Das Dornröschen ERBA-Insel wird nicht wach geküsst, sondern unsanft aus dem Schlaf gerüttelt – zuerst mit einem Riesenevent, dann mit einer überdimensionierten Bebauung. Die Landesgartenschau dient vor allem den Investoren dazu, ihre Bauvorhaben mit einem öffentlich finanzierten Park aufzupeppen und effektiv zu vermarkten.

Fast überall, wo die LGS bisher Spuren hinterlassen hat, wurde erst mal Natur platt gemacht, um sie dann wieder nach LGS-Gusto zu gestalten. Viele BürgerInnen wurden dadurch verschreckt.
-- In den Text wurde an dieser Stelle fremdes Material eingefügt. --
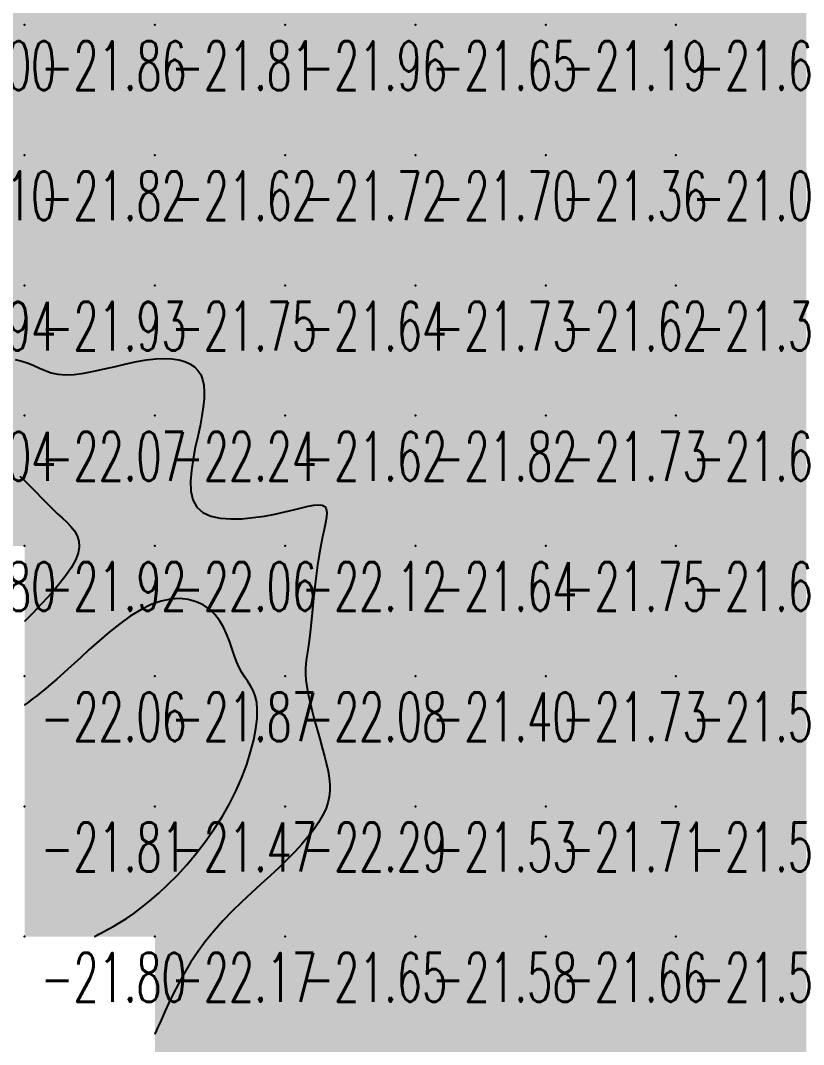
# Model space of a CAD drawing. Header units: millimetres. Extents: x 88261 to 90953, y 390274 to 392322.
# Drawn here: x 88909.9 to 88970, y 391699 to 391777.6 of the extents above; entities that cross this region are included whole.
import ezdxf
from ezdxf.enums import TextEntityAlignment as Align

# ---------------------------------------------------------------- set-up
doc = ezdxf.new("R2010")
doc.units = ezdxf.units.MM
doc.header["$LTSCALE"] = 25
for name, color, linetype in [('CN_03_00', 7, 'Continuous'), ('COTEAlt', 7, 'Continuous'), ('TN_COLORIAGE', 7, 'Continuous')]:
    doc.layers.add(name, color=color, linetype=linetype)
doc.styles.add('Simplex 1.0', font='Simplex.shx', dxfattribs={"width": 0.99, "height": 2.5})
doc.styles.get("Standard").update_dxf_attribs({"font": 'times.ttf'})

# ---------------------------------------------------------------- blocks, each defined once
blk = doc.blocks.new('COTE')
at = {"color": 0}
blk.add_point((0, 0), dxfattribs=at)
at = {"layer": 'COTEAlt'}
blk.add_attdef('ALT', text='', height=3.75, dxfattribs=at).set_placement((1.25, -1.25), align=Align.TOP_LEFT)

msp = doc.modelspace()

# ---------------------------------------------------------------- linework, layer by layer
at = {"layer": 'CN_03_00', "elevation": -22, "flags": 128}
for points in [[(88909.533, 391751.542), (88910.048, 391751.432), (88910.515, 391751.272), (88910.954, 391751.084), (88911.383, 391750.884), (88911.823, 391750.694), (88912.291, 391750.531), (88912.808, 391750.415), (88913.393, 391750.366), (88914.058, 391750.395), (88914.792, 391750.493), (88915.577, 391750.64), (88916.394, 391750.821), (88917.225, 391751.016), (88918.051, 391751.21), (88918.855, 391751.383), (88919.618, 391751.519), (88920.324, 391751.603), (88920.971, 391751.632), (88921.557, 391751.609), (88922.082, 391751.532), (88922.546, 391751.404), (88922.946, 391751.225), (88923.284, 391750.995), (88923.557, 391750.715), (88923.767, 391750.386), (88923.915, 391750.005), (88924.006, 391749.57), (88924.043, 391749.076), (88924.029, 391748.523), (88923.968, 391747.905), (88923.864, 391747.221), (88923.719, 391746.468), (88923.541, 391745.648), (88923.353, 391744.783), (88923.18, 391743.901), (88923.05, 391743.03), (88922.988, 391742.198), (88923.021, 391741.433), (88923.175, 391740.761), (88923.476, 391740.212), (88923.941, 391739.805), (88924.549, 391739.53), (88925.269, 391739.371), (88926.071, 391739.308), (88926.922, 391739.326), (88927.793, 391739.406), (88928.653, 391739.531), (88929.47, 391739.684), (88930.219, 391739.849), (88930.894, 391740.011), (88931.493, 391740.159), (88932.014, 391740.281), (88932.456, 391740.365), (88932.817, 391740.398), (88933.096, 391740.368), (88933.292, 391740.264), (88933.404, 391740.074), (88933.444, 391739.801), (88933.424, 391739.446), (88933.355, 391739.013), (88933.252, 391738.503), (88933.125, 391737.92), (88932.989, 391737.267), (88932.854, 391736.545), (88932.732, 391735.762), (88932.622, 391734.934), (88932.523, 391734.081), (88932.433, 391733.224), (88932.348, 391732.384), (88932.269, 391731.58), (88932.191, 391730.832), (88932.114, 391730.162), (88932.037, 391729.582), (88931.963, 391729.078), (88931.899, 391728.628), (88931.85, 391728.21), (88931.821, 391727.803), (88931.818, 391727.385), (88931.847, 391726.935), (88931.913, 391726.431), (88932.019, 391725.857), (88932.16, 391725.223), (88932.327, 391724.546), (88932.512, 391723.843), (88932.707, 391723.128), (88932.903, 391722.419), (88933.094, 391721.731), (88933.269, 391721.082), (88933.422, 391720.483), (88933.547, 391719.928), (88933.637, 391719.409), (88933.686, 391718.917), (88933.69, 391718.441), (88933.641, 391717.973), (88933.535, 391717.504), (88933.364, 391717.024), (88933.126, 391716.525), (88932.822, 391716.006), (88932.454, 391715.469), (88932.026, 391714.915), (88931.542, 391714.343), (88931.004, 391713.755), (88930.416, 391713.151), (88929.781, 391712.533), (88929.104, 391711.901), (88928.395, 391711.253), (88927.665, 391710.586), (88926.928, 391709.899), (88926.195, 391709.189), (88925.478, 391708.454), (88924.789, 391707.691), (88924.14, 391706.899), (88923.541, 391706.078), (88922.994, 391705.244), (88922.499, 391704.416), (88922.056, 391703.611), (88921.665, 391702.849), (88921.326, 391702.148), (88921.04, 391701.526), (88920.805, 391701.003), (88920.621, 391700.591), (88920.483, 391700.282), (88920.385, 391700.06), (88920.318, 391699.912), (88920.278, 391699.822), (88920.257, 391699.775), (88920.25, 391699.758), (88920.249, 391699.756)], [(88909.886, 391742.597), (88910.207, 391742.294), (88910.523, 391741.983), (88910.837, 391741.664), (88911.151, 391741.341), (88911.466, 391741.014), (88911.786, 391740.686), (88912.111, 391740.357), (88912.444, 391740.03), (88912.786, 391739.707), (88913.137, 391739.386), (88913.481, 391739.064), (88913.799, 391738.731), (88914.073, 391738.383), (88914.285, 391738.01), (88914.417, 391737.605), (88914.449, 391737.163), (88914.363, 391736.674), (88914.148, 391736.137), (88913.826, 391735.564), (88913.422, 391734.975), (88912.967, 391734.386), (88912.486, 391733.817), (88912.009, 391733.284), (88911.563, 391732.806), (88911.177, 391732.4), (88910.87, 391732.081), (88910.64, 391731.841), (88910.475, 391731.669), (88910.365, 391731.554), (88910.298, 391731.484), (88910.263, 391731.448), (88910.251, 391731.435), (88910.249, 391731.433)], [(88915.624, 391707.239), (88915.626, 391707.24), (88915.636, 391707.246), (88915.665, 391707.261), (88915.721, 391707.291), (88915.812, 391707.341), (88915.949, 391707.414), (88916.141, 391707.517), (88916.395, 391707.654), (88916.719, 391707.829), (88917.11, 391708.049), (88917.563, 391708.317), (88918.071, 391708.639), (88918.629, 391709.02), (88919.232, 391709.464), (88919.875, 391709.977), (88920.551, 391710.563), (88921.254, 391711.226), (88921.975, 391711.96), (88922.699, 391712.758), (88923.417, 391713.611), (88924.116, 391714.512), (88924.784, 391715.453), (88925.409, 391716.428), (88925.981, 391717.427), (88926.488, 391718.443), (88926.928, 391719.46), (88927.3, 391720.462), (88927.603, 391721.432), (88927.837, 391722.354), (88928.001, 391723.212), (88928.094, 391723.988), (88928.114, 391724.668), (88928.064, 391725.239), (88927.954, 391725.719), (88927.795, 391726.13), (88927.601, 391726.492), (88927.383, 391726.83), (88927.153, 391727.163), (88926.925, 391727.516), (88926.71, 391727.909), (88926.516, 391728.358), (88926.336, 391728.855), (88926.158, 391729.384), (88925.969, 391729.93), (88925.757, 391730.477), (88925.51, 391731.009), (88925.216, 391731.513), (88924.863, 391731.971), (88924.441, 391732.37), (88923.954, 391732.701), (88923.407, 391732.953), (88922.805, 391733.118), (88922.154, 391733.187), (88921.459, 391733.152), (88920.726, 391733.003), (88919.961, 391732.731), (88919.17, 391732.334), (88918.363, 391731.831), (88917.553, 391731.247), (88916.75, 391730.609), (88915.967, 391729.941), (88915.215, 391729.269), (88914.505, 391728.62), (88913.849, 391728.017), (88913.256, 391727.483), (88912.727, 391727.016), (88912.258, 391726.613), (88911.847, 391726.269), (88911.491, 391725.978), (88911.189, 391725.737), (88910.937, 391725.54), (88910.732, 391725.383), (88910.573, 391725.26), (88910.453, 391725.168), (88910.367, 391725.102), (88910.309, 391725.058), (88910.274, 391725.031), (88910.256, 391725.017), (88910.25, 391725.012), (88910.249, 391725.011)]]:
    msp.add_lwpolyline(points, dxfattribs=at)
at = {"layer": 'TN_COLORIAGE', "color": 233}
for points in [[(88921.494, 391787.239, -21.81), (88920.249, 391786.715, -21.81), (88930.249, 391787.239, -21.81), (88920.249, 391777.239, -21.81)], [(88920.249, 391777.239, -21.926), (88930.249, 391777.239, -21.926), (88930.249, 391787.239, -21.926)], [(88930.249, 391777.239, -21.656), (88940.249, 391777.239, -21.656), (88940.249, 391787.239, -21.656)], [(88930.249, 391787.239, -21.656), (88930.249, 391777.239, -21.656), (88940.249, 391787.239, -21.656)], [(88940.249, 391777.239, -21.416), (88950.249, 391777.239, -21.416), (88950.249, 391787.239, -21.416)], [(88940.249, 391787.239, -21.416), (88940.249, 391777.239, -21.416), (88950.249, 391787.239, -21.416)], [(88950.249, 391777.239, -21.431), (88960.249, 391777.239, -21.431), (88960.249, 391787.239, -21.431)], [(88950.249, 391787.239, -21.431), (88950.249, 391777.239, -21.431), (88960.249, 391787.239, -21.431)], [(88960.249, 391777.239, -21), (88969.832, 391786.823, -21), (88960.249, 391787.239, -21), (88969.619, 391787.239, -21)], [(88919.535, 391786.526, -21.81), (88920.249, 391786.715, -21.81), (88910.249, 391777.239, -21.81), (88920.249, 391777.239, -21.81)], [(88919.535, 391786.526, -21.863), (88910.249, 391784.547, -21.863), (88910.249, 391777.239, -21.863)], [(88960.249, 391777.239, -21), (88969.832, 391786.823, -21), (88970.249, 391777.239, -21), (88970.249, 391786.333, -21)], [(88900.928, 391777.919, -21.863), (88910.249, 391784.547, -21.863), (88900.249, 391777.239, -21.863), (88910.249, 391777.239, -21.863)], [(88900.249, 391776.893, -21.863), (88904.532, 391771.522, -21.863), (88900.249, 391777.239, -21.863), (88910.249, 391777.239, -21.863)], [(88904.532, 391771.522, -21.819), (88903.869, 391767.239, -21.819), (88910.249, 391777.239, -21.819), (88910.249, 391767.239, -21.819)], [(88910.249, 391767.239, -21.81), (88920.249, 391767.239, -21.81), (88920.249, 391777.239, -21.81)], [(88910.249, 391777.239, -21.81), (88910.249, 391767.239, -21.81), (88920.249, 391777.239, -21.81)], [(88920.249, 391767.239, -21.957), (88930.249, 391767.239, -21.957), (88930.249, 391777.239, -21.957)], [(88920.249, 391777.239, -21.957), (88920.249, 391767.239, -21.957), (88930.249, 391777.239, -21.957)], [(88930.249, 391767.239, -21.651), (88940.249, 391767.239, -21.651), (88940.249, 391777.239, -21.651)], [(88930.249, 391777.239, -21.651), (88930.249, 391767.239, -21.651), (88940.249, 391777.239, -21.651)], [(88940.249, 391777.239, -21.193), (88940.249, 391767.239, -21.193), (88950.249, 391777.239, -21.193)], [(88940.249, 391767.239, -21.193), (88950.249, 391767.239, -21.193), (88950.249, 391777.239, -21.193)], [(88950.249, 391767.239, -21.667), (88960.249, 391767.239, -21.667), (88960.249, 391777.239, -21.667)], [(88950.249, 391777.239, -21.667), (88950.249, 391767.239, -21.667), (88960.249, 391777.239, -21.667)], [(88960.249, 391767.239, -21.291), (88970.249, 391767.239, -21.291), (88970.249, 391777.239, -21.291)], [(88960.249, 391777.239, -21.291), (88960.249, 391767.239, -21.291), (88970.249, 391777.239, -21.291)], [(88900.249, 391760.851, -21.819), (88903.869, 391767.239, -21.819), (88900.249, 391757.239, -21.819), (88910.249, 391767.239, -21.819)], [(88900.249, 391757.239, -21.819), (88910.249, 391757.239, -21.819), (88910.249, 391767.239, -21.819)], [(88910.249, 391767.239, -21.616), (88910.249, 391757.239, -21.616), (88920.249, 391767.239, -21.616)], [(88910.249, 391757.239, -21.616), (88920.249, 391757.239, -21.616), (88920.249, 391767.239, -21.616)], [(88920.249, 391757.239, -21.718), (88930.249, 391757.239, -21.718), (88930.249, 391767.239, -21.718)], [(88920.249, 391767.239, -21.718), (88920.249, 391757.239, -21.718), (88930.249, 391767.239, -21.718)], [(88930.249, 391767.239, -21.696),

Eine ernst zu nehmende Bürgerbeteiligung hat es kaum gegeben. Dabei müsste das eigentliche Ziel sein, langfristig einen Bürgerpark auf der ERBA-Insel zu gestalten. Doch nach dem Groß-Event wird der Park extrem schrumpfen.

Wesentliche Chancen für die Entwicklung des neuen Stadtteils wurden vertan: Die ERBA-Insel wäre prädestiniert gewesen für autofreie Stadtplanung, sozialer Wohnungsbau spielte keine Rolle, sondern nur hochpreisige Eigentumswohnungs-Angebote, innovative Wohnformen (generationenübergreifend, Gemeinschaftsmodelle) werden nicht ausprobiert, ökologische Bauweise wäre ein Glücksfall.
Mit der Landesgartenschau will sich Oberbürgermeister Starke ein weiteres Denkmal setzen. Wenn die Kosten so weiter explodieren wie bisher, könnte es auch sein Millionengrab werden.